Wasser bleibt trüb trotz Filter:

  • Ursache: Bakterien-Blüte (grünlich/milchig) oder Schwebealgen (grün)
  • Lösung: UV-C-Klärer (tötet Schwebealgen/Bakterien im Durchlauf), Filtervlies einsetzen, Geduld haben

Filter startet nach Reinigung nicht:

  • Ursache: Luft im Filtergehäuse
  • Lösung: Filter leicht kippen/schütteln, Ansaughilfe nutzen, Schläuche auf Knicke prüfen

Fische/Garnelen werden angesaugt:

  • Ursache: Fehlender oder defekter Ansaugschutz
  • Lösung: Feinmaschigen Ansaugschutz (Edelstahl oder Schwamm) über das Ansaugrohr stülpen — bei Garnelen-Becken Pflicht!

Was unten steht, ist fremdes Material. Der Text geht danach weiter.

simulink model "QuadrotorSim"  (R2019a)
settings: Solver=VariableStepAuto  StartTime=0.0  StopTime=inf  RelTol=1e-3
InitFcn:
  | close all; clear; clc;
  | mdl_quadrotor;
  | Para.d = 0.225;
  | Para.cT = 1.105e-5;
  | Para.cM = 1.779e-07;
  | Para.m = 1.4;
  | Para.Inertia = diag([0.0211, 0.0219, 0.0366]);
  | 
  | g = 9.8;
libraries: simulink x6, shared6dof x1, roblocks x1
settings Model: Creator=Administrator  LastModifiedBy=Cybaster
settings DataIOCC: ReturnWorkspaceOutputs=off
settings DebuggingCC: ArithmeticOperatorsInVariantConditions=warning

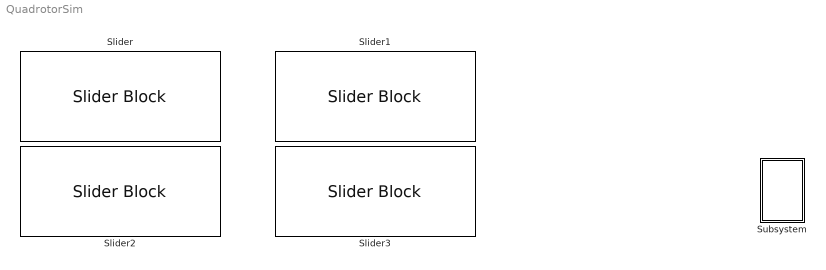
== system QuadrotorSim ==
  Slider : SliderBlock  ScaleMin=-2  ScaleMax=2
  Slider1 : SliderBlock  ScaleMin=-2  ScaleMax=2
  Slider2 : SliderBlock  ScaleMax=10
  Slider3 : SliderBlock  ScaleMin=-3.1400000000000001  ScaleMax=3.1400000000000001
  Subsystem : Subsystem

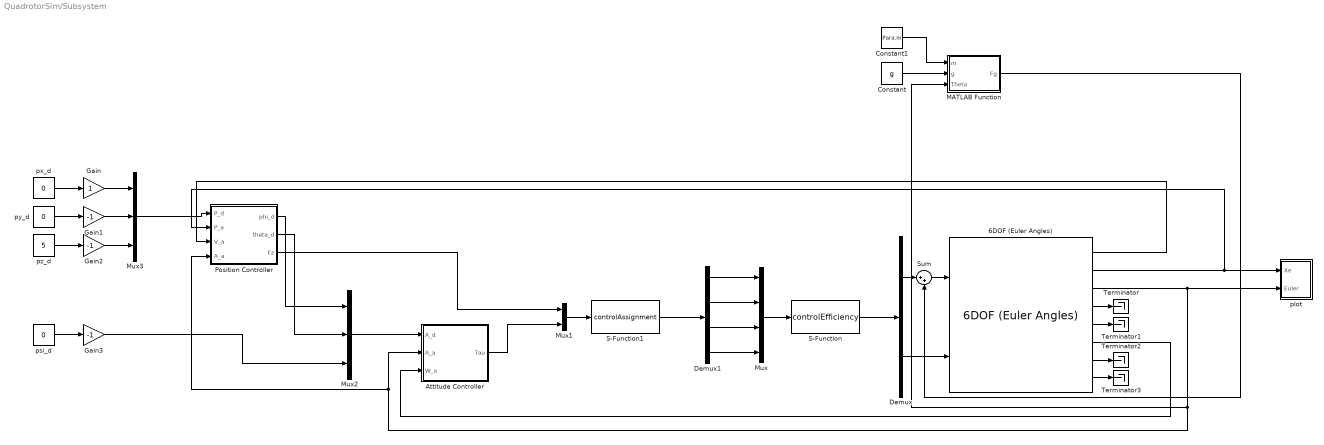
== system QuadrotorSim/Subsystem ==
  6DOF (Euler Angles) : shared6dof/6DOF (Euler Angles)  units=Metric (MKS)  mtype=Fixed  rep=Euler Angles  xme_0=[0.0 0.0 0.0]  Vm_0=[0.0 0.0 0.0]  eul_0=[0.0 0.0 0.0]  pm_0=[0.0 0.0 0.0]  mass_0=Para.m  mass_e=0.5  mass_f=2.0  inertia=Para.Inertia  inertia_e=eye(3)  inertia_f=2*eye(3)  k_quat=1.0  vre_flag=on  abi_flag=off  aMode=0  xme_statename=''  Vm_statename=''  eul_statename=''  quat_statename=''  pm_statename=''  mass_statename=''
      settings: SourceProductBaseCode=AE
  Attitude Controller : Subsystem
  Constant : Constant  Value=g
  Constant1 : Constant  Value=Para.m
  Demux : Demux  Outputs=2
  Demux1 : Demux
  Gain : Gain
  Gain1 : Gain  Gain=-1
  Gain2 : Gain  Gain=-1
  Gain3 : Gain  Gain=-1
  MATLAB Function : MATLAB Function  TreatAsAtomicUnit=on
  Mux : Mux
  Mux1 : Mux  Inputs=2
  Mux2 : Mux  Inputs=3
  Mux3 : Mux  Inputs=3
  Position Controller : Subsystem
  S-Function : S-Function  FunctionName=controlEfficiency  Parameters=Para  SFunctionDeploymentMode=off  EnableBusSupport=off
  S-Function1 : S-Function  FunctionName=controlAssignment  SFunctionDeploymentMode=off  EnableBusSupport=off
  Sum : Sum  Inputs=|++
  Terminator{,1..3} (4 alike) : Terminator
  plot : Subsystem
  psi_d : Constant  Value=0
  px_d : Constant  Value=0
  py_d : Constant  Value=0
  pz_d : Constant  Value=5
  wires:
  Demux1/1 -> Mux/1
  Demux/2 -> 6DOF (Euler Angles)/2
  Position Controller/2(theta_d) -> Mux2/2
  Mux1/1 -> S-Function1/1
  Mux3/1 -> Position Controller/1(P_d)
  6DOF (Euler Angles)/7 -> Terminator2/1
  Demux1/3 -> Mux/3
  Demux/1 -> Sum/1
  6DOF (Euler Angles)/3 -> MATLAB Function/3(Theta), Attitude Controller/2(A_a), Position Controller/4(A_a), plot/2(Euler)
  S-Function/1 -> Demux/1
  6DOF (Euler Angles)/8 -> Terminator3/1
  6DOF (Euler Angles)/4 -> Terminator/1
  6DOF (Euler Angles)/5 -> Terminator1/1
  6DOF (Euler Angles)/1 -> Position Controller/3(V_a)
  Gain2/1 -> Mux3/3
  Constant/1 -> MATLAB Function/2(g)
  Position Controller/1(phi_d) -> Mux2/1
  Gain1/1 -> Mux3/2
  Demux1/4 -> Mux/4
  6DOF (Euler Angles)/2 -> Position Controller/2(P_a), plot/1(Xe)
  Mux/1 -> S-Function/1
  Gain/1 -> Mux3/1
  py_d/1 -> Gain1/1
  Mux2/1 -> Attitude Controller/1(A_d)
  MATLAB Function/1(Fg) -> Sum/2
  px_d/1 -> Gain/1
  Attitude Controller/1(Tau) -> Mux1/2
  Position Controller/3(Fz) -> Mux1/1
  Sum/1 -> 6DOF (Euler Angles)/1
  Demux1/2 -> Mux/2
  6DOF (Euler Angles)/6 -> Attitude Controller/3(W_a)
  psi_d/1 -> Gain3/1
  S-Function1/1 -> Demux1/1
  Constant1/1 -> MATLAB Function/1(m)
  pz_d/1 -> Gain2/1
  Gain3/1 -> Mux2/3

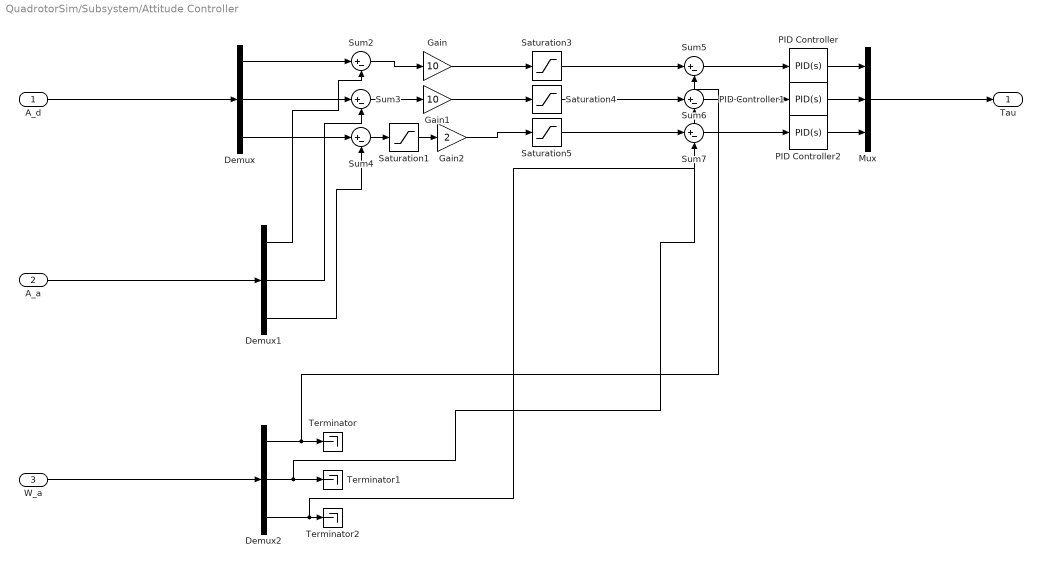
== system QuadrotorSim/Subsystem/Attitude Controller ==
  A_d : Inport
  A_a : Inport  Port=2
  W_a : Inport  Port=3
  Demux : Demux  Outputs=3
  Demux1 : Demux  Outputs=3
  Demux2 : Demux  Outputs=3
  Gain : Gain  Gain=10
  Gain1 : Gain  Gain=10
  Gain2 : Gain  Gain=2
  Mux : Mux  Inputs=3
  PID Controller : simulink/Continuous/PID Controller  Controller=PID  Form=Parallel  TimeDomain=Continuous-time  SampleTime=-1  IntegratorMethod=Forward Euler  FilterMethod=Forward Euler  ControllerParametersSource=internal  P=872359.79769725  I=16686702.0600055  D=-1838.38000156362  UseFilter=on  N=172.044274974478  TunerSelectOption=Transfer Function Based (PID Tuner App)  InitialConditionSource=internal  InitialConditionForIntegrator=0  InitialConditionForFilter=0  DifferentiatorICPrevScaledInput=0  ExternalReset=none  TrackingMode=off  Kt=1  LimitOutput=off  UpperSaturationLimit=inf  LowerSaturationLimit=-inf  LinearizeAsGain=on  AntiWindupMode=none  Kb=1  POutMin=[]  POutMax=[]  IOutMin=[]  IOutMax=[]  DOutMin=[]  DOutMax=[]  NOutMin=[]  NOutMax=[]  SumOutMin=[]  SumOutMax=[]  SaturationOutMin=[]  SaturationOutMax=[]  PParamMin=[]  PParamMax=[]  IParamMin=[]  IParamMax=[]  DParamMin=[]  DParamMax=[]  NParamMin=[]  NParamMax=[]  KbParamMin=[]  KbParamMax=[]  KtParamMin=[]  KtParamMax=[]  KbOutMin=[]  KbOutMax=[]  KtOutMin=[]  KtOutMax=[]  IntegratorOutMin=[]  IntegratorOutMax=[]  FilterOutMin=[]  FilterOutMax=[]  SumI1OutMin=[]  SumI1OutMax=[]  SumI2OutMin=[]  SumI2OutMax=[]  SumI3OutMin=[]  SumI3OutMax=[]  SumI4OutMin=[]  SumI4OutMax=[]  SumDOutMin=[]  SumDOutMax=[]  DifferentiatorOutMin=[]  DifferentiatorOutMax=[]  FilterDiffOutCoefMin=[]  FilterDiffOutCoefMax=[]  ReciprocalOutMin=[]  ReciprocalOutMax=[]  SumDenOutMin=[]  SumDenOutMax=[]  SumNumOutMin=[]  SumNumOutMax=[]  DivideOutMin=[]  DivideOutMax=[]  IntegratorContinuousStateAttributes=''  IntegratorStateMustResolveToSignalObject=off  IntegratorRTWStateStorageClass=Auto  FilterContinuousStateAttributes=''  FilterStateMustResolveToSignalObject=off  FilterRTWStateStorageClass=Auto  ParallelPVariant=InternalParameters  IdealPVariant=Disabled  IVariant=InternalParameters  DVariant=InternalParameters  IntegratorVariant=Continuous  SatVariant=Disabled  AWVariant=Passthrough  PCopyVariant=Disabled  TRVariant=Disabled  FdbkBlocksVariant=Forward  IdealPFdbkVariant=Disabled  SatFdbkVariant=Disabled  DerivativeFilterVariant=ContFilter  NVariant=InternalParameters  NCopyVariant=Disabled  FilterICVariant=InternalICsFilter  IntegratorICVariant=InternalICs  ExternalResetVariant=Disabled  TRSumVariant=Passthrough  SumFdbkVariant=Disabled  SumVariant=Sum_PID
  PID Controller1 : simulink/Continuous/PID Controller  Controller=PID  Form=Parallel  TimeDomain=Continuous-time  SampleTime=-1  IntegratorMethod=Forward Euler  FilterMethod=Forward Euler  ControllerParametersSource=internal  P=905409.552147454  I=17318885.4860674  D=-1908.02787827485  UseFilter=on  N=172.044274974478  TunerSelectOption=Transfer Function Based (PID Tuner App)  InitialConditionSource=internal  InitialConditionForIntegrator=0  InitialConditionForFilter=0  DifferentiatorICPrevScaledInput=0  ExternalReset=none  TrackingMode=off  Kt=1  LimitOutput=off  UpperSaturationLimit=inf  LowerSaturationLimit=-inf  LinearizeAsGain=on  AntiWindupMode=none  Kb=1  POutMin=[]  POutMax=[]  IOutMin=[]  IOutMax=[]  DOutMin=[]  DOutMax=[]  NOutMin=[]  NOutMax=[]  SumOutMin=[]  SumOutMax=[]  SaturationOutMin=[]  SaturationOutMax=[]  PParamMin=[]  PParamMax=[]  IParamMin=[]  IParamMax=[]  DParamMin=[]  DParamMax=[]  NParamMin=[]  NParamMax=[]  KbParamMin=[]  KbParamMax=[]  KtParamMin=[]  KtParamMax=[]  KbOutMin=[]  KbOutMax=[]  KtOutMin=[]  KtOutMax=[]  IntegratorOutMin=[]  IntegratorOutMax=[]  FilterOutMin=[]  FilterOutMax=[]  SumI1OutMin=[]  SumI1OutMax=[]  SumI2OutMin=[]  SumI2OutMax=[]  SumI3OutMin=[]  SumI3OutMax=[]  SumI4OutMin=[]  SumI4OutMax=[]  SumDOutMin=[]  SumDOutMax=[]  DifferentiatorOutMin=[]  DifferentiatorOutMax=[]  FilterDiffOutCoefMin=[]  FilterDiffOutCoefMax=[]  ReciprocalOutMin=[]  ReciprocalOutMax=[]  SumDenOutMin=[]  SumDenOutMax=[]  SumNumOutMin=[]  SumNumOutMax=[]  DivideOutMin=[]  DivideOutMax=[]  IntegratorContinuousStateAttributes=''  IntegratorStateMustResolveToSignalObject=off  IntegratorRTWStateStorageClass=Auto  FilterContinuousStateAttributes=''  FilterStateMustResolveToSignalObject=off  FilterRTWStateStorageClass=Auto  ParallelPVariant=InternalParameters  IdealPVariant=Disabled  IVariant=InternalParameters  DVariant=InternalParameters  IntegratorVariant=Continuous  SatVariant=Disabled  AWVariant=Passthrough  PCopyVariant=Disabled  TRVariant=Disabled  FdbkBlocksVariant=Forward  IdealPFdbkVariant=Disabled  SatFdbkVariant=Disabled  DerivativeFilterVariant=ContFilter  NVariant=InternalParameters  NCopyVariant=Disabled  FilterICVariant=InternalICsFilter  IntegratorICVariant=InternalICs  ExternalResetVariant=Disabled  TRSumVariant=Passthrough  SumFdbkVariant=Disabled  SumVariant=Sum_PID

❓ Häufig gestellte Fragen (FAQ)

Muss der Filter 24/7 laufen?
Ja, unbedingt! Die Bakterien im Filter brauchen konstante Sauerstoff- und Nährstoffversorgung. Schon nach 3-4 Stunden ohne Durchfluss beginnen die Bakterien abzusterben — der Filter wird dann zum Schadstoff-Produzenten statt zum Schadstoff-Abbauer.
Kann ich zwei Filter gleichzeitig betreiben?
Ja, das ist sogar ideal! Zwei kleinere Filter bieten mehr Flexibilität: Du kannst sie versetzt reinigen (nie beide gleichzeitig), die Strömung besser verteilen und hast ein Backup falls ein Filter ausfällt. Besonders bei Becken ab 200 Liter empfehlenswert.
Wann muss ich biologische Filtermedien komplett tauschen?
Hochwertige Keramikmedien (Siporax, Substrat Pro) halten 3-5 Jahre oder länger. Günstigere Medien zerbröseln nach 1-2 Jahren. Tausche nie alles auf einmal — immer nur 50% und den Rest 4 Wochen später, damit die Bakterien die neuen Medien besiedeln können.